22 de septiembre de 2012

Tormenta

Jueves. 2am. Leandro dormía enroscado en una sábana finita en su pequeña cama de una plaza. Se había ido a dormir después de cenar, con el ventilador de techo encendido y la ventana semi abierta. Hacía muchísimo calor, seguramente más de 35°. Una botella de agua mineral sin tapa y casi terminada, estaba al alcance su su mano en la mesa de luz.
Entre sus sueños, oyó un fuerte estruendo. Se sobresaltó y abrió los ojos. La oscuridad de la noche se había transformado en un cielo medio anaranjado con remolinos de viento que azotaban su persiana de chapa.
Se asomó por la ventana y se dio cuenta que había empezado a llover. Había muchísimos relámpagos. Sería una linda madrugada eléctrica.
Cerró un poco la ventana para que no se le mojaran los libros que tenía sobre la mesa y se sintió desvelado.
En la cocina preparó unos mates y prendió la radio.
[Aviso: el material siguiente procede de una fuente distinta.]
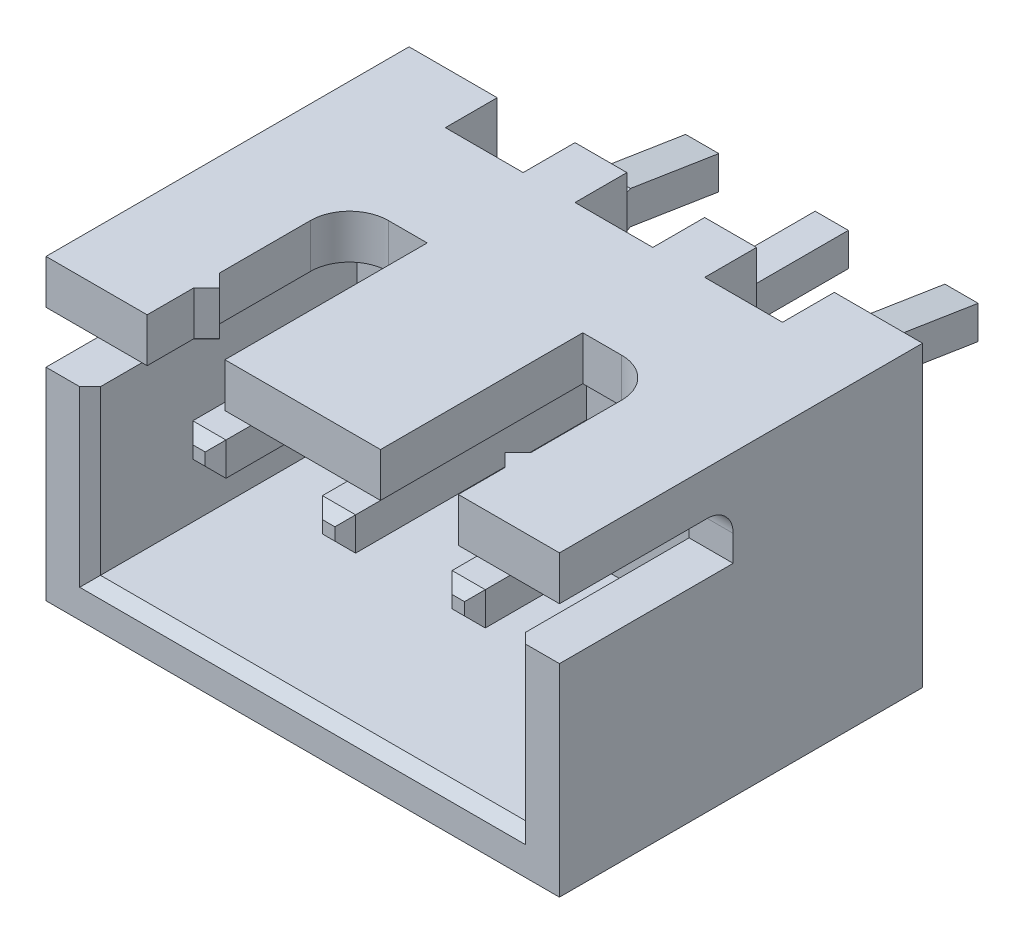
ISO-10303-21;
HEADER;
FILE_DESCRIPTION(('STEP AP214'),'2;1');
FILE_NAME('part.step','',(''),(''),'','','');
FILE_SCHEMA(('AUTOMOTIVE_DESIGN { 1 0 10303 214 1 1 1 1 }'));
ENDSEC;
DATA;
#1=APPLICATION_CONTEXT('core data for automotive mechanical design processes');
#2=APPLICATION_PROTOCOL_DEFINITION('international standard','automotive_design',2000,#1);
#3=PRODUCT_CONTEXT('',#1,'mechanical');
#4=PRODUCT('Part','Part','',(#3));
#5=PRODUCT_RELATED_PRODUCT_CATEGORY('part','',(#4));
#6=PRODUCT_DEFINITION_FORMATION('','',#4);
#7=PRODUCT_DEFINITION_CONTEXT('part definition',#1,'design');
#8=PRODUCT_DEFINITION('design','',#6,#7);
#9=PRODUCT_DEFINITION_SHAPE('','',#8);
#10=(LENGTH_UNIT() NAMED_UNIT(*) SI_UNIT(.MILLI.,.METRE.));
#11=(NAMED_UNIT(*) PLANE_ANGLE_UNIT() SI_UNIT($,.RADIAN.));
#12=(NAMED_UNIT(*) SI_UNIT($,.STERADIAN.) SOLID_ANGLE_UNIT());
#13=UNCERTAINTY_MEASURE_WITH_UNIT(LENGTH_MEASURE(1.E-05),#10,'distance_accuracy_value','');
#14=(GEOMETRIC_REPRESENTATION_CONTEXT(3) GLOBAL_UNCERTAINTY_ASSIGNED_CONTEXT((#13)) GLOBAL_UNIT_ASSIGNED_CONTEXT((#10,
#11,#12)) REPRESENTATION_CONTEXT('',''));
#15=CARTESIAN_POINT('',(0.,0.,0.));
#16=DIRECTION('',(0.,0.,1.));
#17=DIRECTION('',(1.,0.,0.));
#18=AXIS2_PLACEMENT_3D('',#15,#16,#17);
#19=CARTESIAN_POINT('',(5.32,-0.204403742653,-3.301223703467));
#20=DIRECTION('',(0.,-0.760250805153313,-0.649629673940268));
#21=DIRECTION('',(0.,0.649629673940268,-0.760250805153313));
#22=AXIS2_PLACEMENT_3D('',#19,#20,#21);
#23=PLANE('',#22);
#24=DIRECTION('',(-1.,0.,0.));
#25=VECTOR('',#24,1.);
#26=CARTESIAN_POINT('',(5.32,-0.288807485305,-3.202447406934));
#27=LINE('',#26,#25);
#28=CARTESIAN_POINT('',(5.317552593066,-0.288807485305,-3.202447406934));
#29=VERTEX_POINT('',#28);
#30=CARTESIAN_POINT('',(4.682447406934,-0.288807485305,-3.202447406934));
#31=VERTEX_POINT('',#30);
#32=EDGE_CURVE('E1482',#29,#31,#27,.T.);
#33=ORIENTED_EDGE('',*,*,#32,.T.);
#34=DIRECTION('',(-0.605209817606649,-0.5171480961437,0.605209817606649));
#35=VECTOR('',#34,1.);
#36=CARTESIAN_POINT('',(4.961511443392,-0.05034896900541,-3.481511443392));
#37=LINE('',#36,#35);
#38=CARTESIAN_POINT('',(4.88,-0.12,-3.4));
#39=VERTEX_POINT('',#38);
#40=EDGE_CURVE('E1527',#39,#31,#37,.T.);
#41=ORIENTED_EDGE('',*,*,#40,.F.);
#42=DIRECTION('',(-1.,0.,0.));
#43=VECTOR('',#42,1.);
#44=CARTESIAN_POINT('',(5.32,-0.12,-3.4));
#45=LINE('',#44,#43);
#46=CARTESIAN_POINT('',(5.12,-0.12,-3.4));
#47=VERTEX_POINT('',#46);
#48=EDGE_CURVE('E11',#47,#39,#45,.T.);
#49=ORIENTED_EDGE('',*,*,#48,.F.);
#50=DIRECTION('',(0.605209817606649,-0.5171480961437,0.605209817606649));
#51=VECTOR('',#50,1.);
#52=CARTESIAN_POINT('',(5.155697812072,-0.150503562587,-3.364302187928));
#53=LINE('',#52,#51);
#54=EDGE_CURVE('E1481',#47,#29,#53,.T.);
#55=ORIENTED_EDGE('',*,*,#54,.T.);
#56=EDGE_LOOP('',(#33,#41,#49,#55));
#57=FACE_BOUND('',#56,.T.);
#58=ADVANCED_FACE('F17',(#57),#23,.T.);
#59=CARTESIAN_POINT('',(5.32,0.32,-3.4));
#60=DIRECTION('',(0.,0.,1.));
#61=DIRECTION('',(1.,0.,0.));
#62=AXIS2_PLACEMENT_3D('',#59,#60,#61);
#63=PLANE('',#62);
#64=DIRECTION('',(0.,-1.,0.));
#65=VECTOR('',#64,1.);
#66=CARTESIAN_POINT('',(5.12,0.32,-3.4));
#67=LINE('',#66,#65);
#68=CARTESIAN_POINT('',(5.12,0.12,-3.4));
#69=VERTEX_POINT('',#68);
#70=EDGE_CURVE('E1589',#69,#47,#67,.T.);
#71=ORIENTED_EDGE('',*,*,#70,.T.);
#72=ORIENTED_EDGE('',*,*,#48,.T.);
#73=DIRECTION('',(0.,-1.,0.));
#74=VECTOR('',#73,1.);
#75=CARTESIAN_POINT('',(4.88,0.32,-3.4));
#76=LINE('',#75,#74);
#77=CARTESIAN_POINT('',(4.88,0.12,-3.4));
#78=VERTEX_POINT('',#77);
#79=EDGE_CURVE('E1532',#78,#39,#76,.T.);
#80=ORIENTED_EDGE('',*,*,#79,.F.);
#81=DIRECTION('',(-1.,0.,0.));
#82=VECTOR('',#81,1.);
#83=CARTESIAN_POINT('',(5.32,0.12,-3.4));
#84=LINE('',#83,#82);
#85=EDGE_CURVE('E26',#69,#78,#84,.T.);
#86=ORIENTED_EDGE('',*,*,#85,.F.);
#87=EDGE_LOOP('',(#71,#72,#80,#86));
#88=FACE_BOUND('',#87,.T.);
#89=ADVANCED_FACE('F19',(#88),#63,.F.);
#90=CARTESIAN_POINT('',(5.32,0.235596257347,-3.301223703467));
#91=DIRECTION('',(0.,0.649629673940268,-0.760250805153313));
#92=DIRECTION('',(-1.,0.,0.));
#93=AXIS2_PLACEMENT_3D('',#90,#91,#92);
#94=PLANE('',#93);
#95=DIRECTION('',(0.544770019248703,0.637535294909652,0.544770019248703));
#96=VECTOR('',#95,1.);
#97=CARTESIAN_POINT('',(5.24881689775,0.270752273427,-3.27118310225));
#98=LINE('',#97,#96);
#99=CARTESIAN_POINT('',(5.317552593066,0.351192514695,-3.202447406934));
#100=VERTEX_POINT('',#99);
#101=EDGE_CURVE('E1592',#69,#100,#98,.T.);
#102=ORIENTED_EDGE('',*,*,#101,.F.);
#103=ORIENTED_EDGE('',*,*,#85,.T.);
#104=DIRECTION('',(-0.544770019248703,0.637535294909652,0.544770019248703));
#105=VECTOR('',#104,1.);
#106=CARTESIAN_POINT('',(4.846150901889,0.159613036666,-3.366150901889));
#107=LINE('',#106,#105);
#108=CARTESIAN_POINT('',(4.682447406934,0.351192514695,-3.202447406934));
#109=VERTEX_POINT('',#108);
#110=EDGE_CURVE('E1569',#78,#109,#107,.T.);
#111=ORIENTED_EDGE('',*,*,#110,.T.);
#112=DIRECTION('',(-1.,0.,0.));
#113=VECTOR('',#112,1.);
#114=CARTESIAN_POINT('',(5.32,0.351192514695,-3.202447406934));
#115=LINE('',#114,#113);
#116=EDGE_CURVE('E1228',#100,#109,#115,.T.);
#117=ORIENTED_EDGE('',*,*,#116,.F.);
#118=EDGE_LOOP('',(#102,#103,#111,#117));
#119=FACE_BOUND('',#118,.T.);
#120=ADVANCED_FACE('F2165',(#119),#94,.T.);
#121=CARTESIAN_POINT('',(2.82,0.32,-3.4));
#122=DIRECTION('',(0.,0.,1.));
#123=DIRECTION('',(1.,0.,0.));
#124=AXIS2_PLACEMENT_3D('',#121,#122,#123);
#125=PLANE('',#124);
#126=DIRECTION('',(-1.,0.,0.));
#127=VECTOR('',#126,1.);
#128=CARTESIAN_POINT('',(2.82,-0.12,-3.4));
#129=LINE('',#128,#127);
#130=CARTESIAN_POINT('',(2.62,-0.12,-3.4));
#131=VERTEX_POINT('',#130);
#132=CARTESIAN_POINT('',(2.38,-0.12,-3.4));
#133=VERTEX_POINT('',#132);
#134=EDGE_CURVE('E1554',#131,#133,#129,.T.);
#135=ORIENTED_EDGE('',*,*,#134,.T.);
#136=DIRECTION('',(0.,-1.,0.));
#137=VECTOR('',#136,1.);
#138=CARTESIAN_POINT('',(2.38,0.32,-3.4));
#139=LINE('',#138,#137);
#140=CARTESIAN_POINT('',(2.38,0.12,-3.4));
#141=VERTEX_POINT('',#140);
#142=EDGE_CURVE('E1547',#141,#133,#139,.T.);
#143=ORIENTED_EDGE('',*,*,#142,.F.);
#144=DIRECTION('',(-1.,0.,0.));
#145=VECTOR('',#144,1.);
#146=CARTESIAN_POINT('',(2.82,0.12,-3.4));
#147=LINE('',#146,#145);
#148=CARTESIAN_POINT('',(2.62,0.12,-3.4));
#149=VERTEX_POINT('',#148);
#150=EDGE_CURVE('E1566',#149,#141,#147,.T.);
#151=ORIENTED_EDGE('',*,*,#150,.F.);
#152=DIRECTION('',(0.,-1.,0.));
#153=VECTOR('',#152,1.);
#154=CARTESIAN_POINT('',(2.62,0.32,-3.4));
#155=LINE('',#154,#153);
#156=EDGE_CURVE('E1560',#149,#131,#155,.T.);
#157=ORIENTED_EDGE('',*,*,#156,.T.);
#158=EDGE_LOOP('',(#135,#143,#151,#157));
#159=FACE_BOUND('',#158,.T.);
#160=ADVANCED_FACE('F2366',(#159),#125,.F.);
#161=CARTESIAN_POINT('',(0.32,-0.204403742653,-3.301223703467));
#162=DIRECTION('',(0.,-0.760250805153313,-0.649629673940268));
#163=DIRECTION('',(0.,0.649629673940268,-0.760250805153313));
#164=AXIS2_PLACEMENT_3D('',#161,#162,#163);
#165=PLANE('',#164);
#166=DIRECTION('',(-1.,0.,0.));
#167=VECTOR('',#166,1.);
#168=CARTESIAN_POINT('',(0.32,-0.288807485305,-3.202447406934));
#169=LINE('',#168,#167);
#170=CARTESIAN_POINT('',(0.317552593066,-0.288807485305,-3.202447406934));
#171=VERTEX_POINT('',#170);
#172=CARTESIAN_POINT('',(-0.317552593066,-0.288807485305,-3.202447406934));
#173=VERTEX_POINT('',#172);
#174=EDGE_CURVE('E1539',#171,#173,#169,.T.);
#175=ORIENTED_EDGE('',*,*,#174,.T.);
#176=DIRECTION('',(-0.605209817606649,-0.5171480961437,0.605209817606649));
#177=VECTOR('',#176,1.);
#178=CARTESIAN_POINT('',(-0.03848855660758,-0.05034896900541,-3.481511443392));
#179=LINE('',#178,#177);
#180=CARTESIAN_POINT('',(-0.12,-0.12,-3.4));
#181=VERTEX_POINT('',#180);
#182=EDGE_CURVE('E1513',#181,#173,#179,.T.);
#183=ORIENTED_EDGE('',*,*,#182,.F.);
#184=DIRECTION('',(-1.,0.,0.));
#185=VECTOR('',#184,1.);
#186=CARTESIAN_POINT('',(0.32,-0.12,-3.4));
#187=LINE('',#186,#185);
#188=CARTESIAN_POINT('',(0.12,-0.12,-3.4));
#189=VERTEX_POINT('',#188);
#190=EDGE_CURVE('E1450',#189,#181,#187,.T.);
#191=ORIENTED_EDGE('',*,*,#190,.F.);
#192=DIRECTION('',(0.605209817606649,-0.5171480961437,0.605209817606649));
#193=VECTOR('',#192,1.);
#194=CARTESIAN_POINT('',(0.155697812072,-0.150503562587,-3.364302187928));
#195=LINE('',#194,#193);
#196=EDGE_CURVE('E1416',#189,#171,#195,.T.);
#197=ORIENTED_EDGE('',*,*,#196,.T.);
#198=EDGE_LOOP('',(#175,#183,#191,#197));
#199=FACE_BOUND('',#198,.T.);
#200=ADVANCED_FACE('F1607',(#199),#165,.T.);
#201=CARTESIAN_POINT('',(0.32,0.32,-3.4));
#202=DIRECTION('',(0.,0.,1.));
#203=DIRECTION('',(1.,0.,0.));
#204=AXIS2_PLACEMENT_3D('',#201,#202,#203);
#205=PLANE('',#204);
#206=DIRECTION('',(0.,-1.,0.));
#207=VECTOR('',#206,1.);
#208=CARTESIAN_POINT('',(0.12,0.32,-3.4));
#209=LINE('',#208,#207);
#210=CARTESIAN_POINT('',(0.12,0.12,-3.4));
#211=VERTEX_POINT('',#210);
#212=EDGE_CURVE('E1411',#211,#189,#209,.T.);
#213=ORIENTED_EDGE('',*,*,#212,.T.);
#214=ORIENTED_EDGE('',*,*,#190,.T.);
#215=DIRECTION('',(0.,-1.,0.));
#216=VECTOR('',#215,1.);
#217=CARTESIAN_POINT('',(-0.12,0.32,-3.4));
#218=LINE('',#217,#216);
#219=CARTESIAN_POINT('',(-0.12,0.12,-3.4));
#220=VERTEX_POINT('',#219);
#221=EDGE_CURVE('E1509',#220,#181,#218,.T.);
#222=ORIENTED_EDGE('',*,*,#221,.F.);
#223=DIRECTION('',(-1.,0.,0.));
#224=VECTOR('',#223,1.);
#225=CARTESIAN_POINT('',(0.32,0.12,-3.4));
#226=LINE('',#225,#224);
#227=EDGE_CURVE('E1595',#211,#220,#226,.T.);
#228=ORIENTED_EDGE('',*,*,#227,.F.);
#229=EDGE_LOOP('',(#213,#214,#222,#228));
#230=FACE_BOUND('',#229,.T.);
#231=ADVANCED_FACE('F1602',(#230),#205,.F.);
#232=CARTESIAN_POINT('',(0.32,0.235596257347,-3.301223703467));
#233=DIRECTION('',(0.,0.649629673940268,-0.760250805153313));
#234=DIRECTION('',(-1.,0.,0.));
#235=AXIS2_PLACEMENT_3D('',#232,#233,#234);
#236=PLANE('',#235);
#237=DIRECTION('',(0.544770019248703,0.637535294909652,0.544770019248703));
#238=VECTOR('',#237,1.);
#239=CARTESIAN_POINT('',(0.24881689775,0.270752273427,-3.27118310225));
#240=LINE('',#239,#238);
#241=CARTESIAN_POINT('',(0.317552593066,0.351192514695,-3.202447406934));
#242=VERTEX_POINT('',#241);
#243=EDGE_CURVE('E1415',#211,#242,#240,.T.);
#244=ORIENTED_EDGE('',*,*,#243,.F.);
#245=ORIENTED_EDGE('',*,*,#227,.T.);
#246=DIRECTION('',(-0.544770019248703,0.637535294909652,0.544770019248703));
#247=VECTOR('',#246,1.);
#248=CARTESIAN_POINT('',(-0.153849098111,0.159613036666,-3.366150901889));
#249=LINE('',#248,#247);
#250=CARTESIAN_POINT('',(-0.317552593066,0.351192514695,-3.202447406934));
#251=VERTEX_POINT('',#250);
#252=EDGE_CURVE('E1505',#220,#251,#249,.T.);
#253=ORIENTED_EDGE('',*,*,#252,.T.);
#254=DIRECTION('',(-1.,0.,0.));
#255=VECTOR('',#254,1.);
#256=CARTESIAN_POINT('',(0.32,0.351192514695,-3.202447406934));
#257=LINE('',#256,#255);
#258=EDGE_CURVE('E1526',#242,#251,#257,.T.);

La señal era deficiente, así que decidió poner un cd de una banda metalera que le gustaba mucho y se sentó a disfrutar el espectáculo de luces que vería desde su ventana, mientras disfrutaba unos amargos.
Al cabo de unos quince minutos, la lluvia se hizo mucho más intensa. Los relámpagos se alternaban con truenos que más de una vez lo hicieron saltar de su silla.
De pronto se descubrió hablando en voz alta: "si sigue así, se va a caer el cielo". Cuando volvió del brevísimo pestañeo notó algo distinto en el paisaje.
Asomó la mitad de su cuerpo por la ventana y al mirar hacia arriba vio que ya no había luna, ni nubes, ni estrellas, ni lluvia, sino una gran inmensidad...
Como si su pensamiento hubiese cobrado vida, el cielo se había caído y se había llevado con él todas las constelaciones que lo adornaban.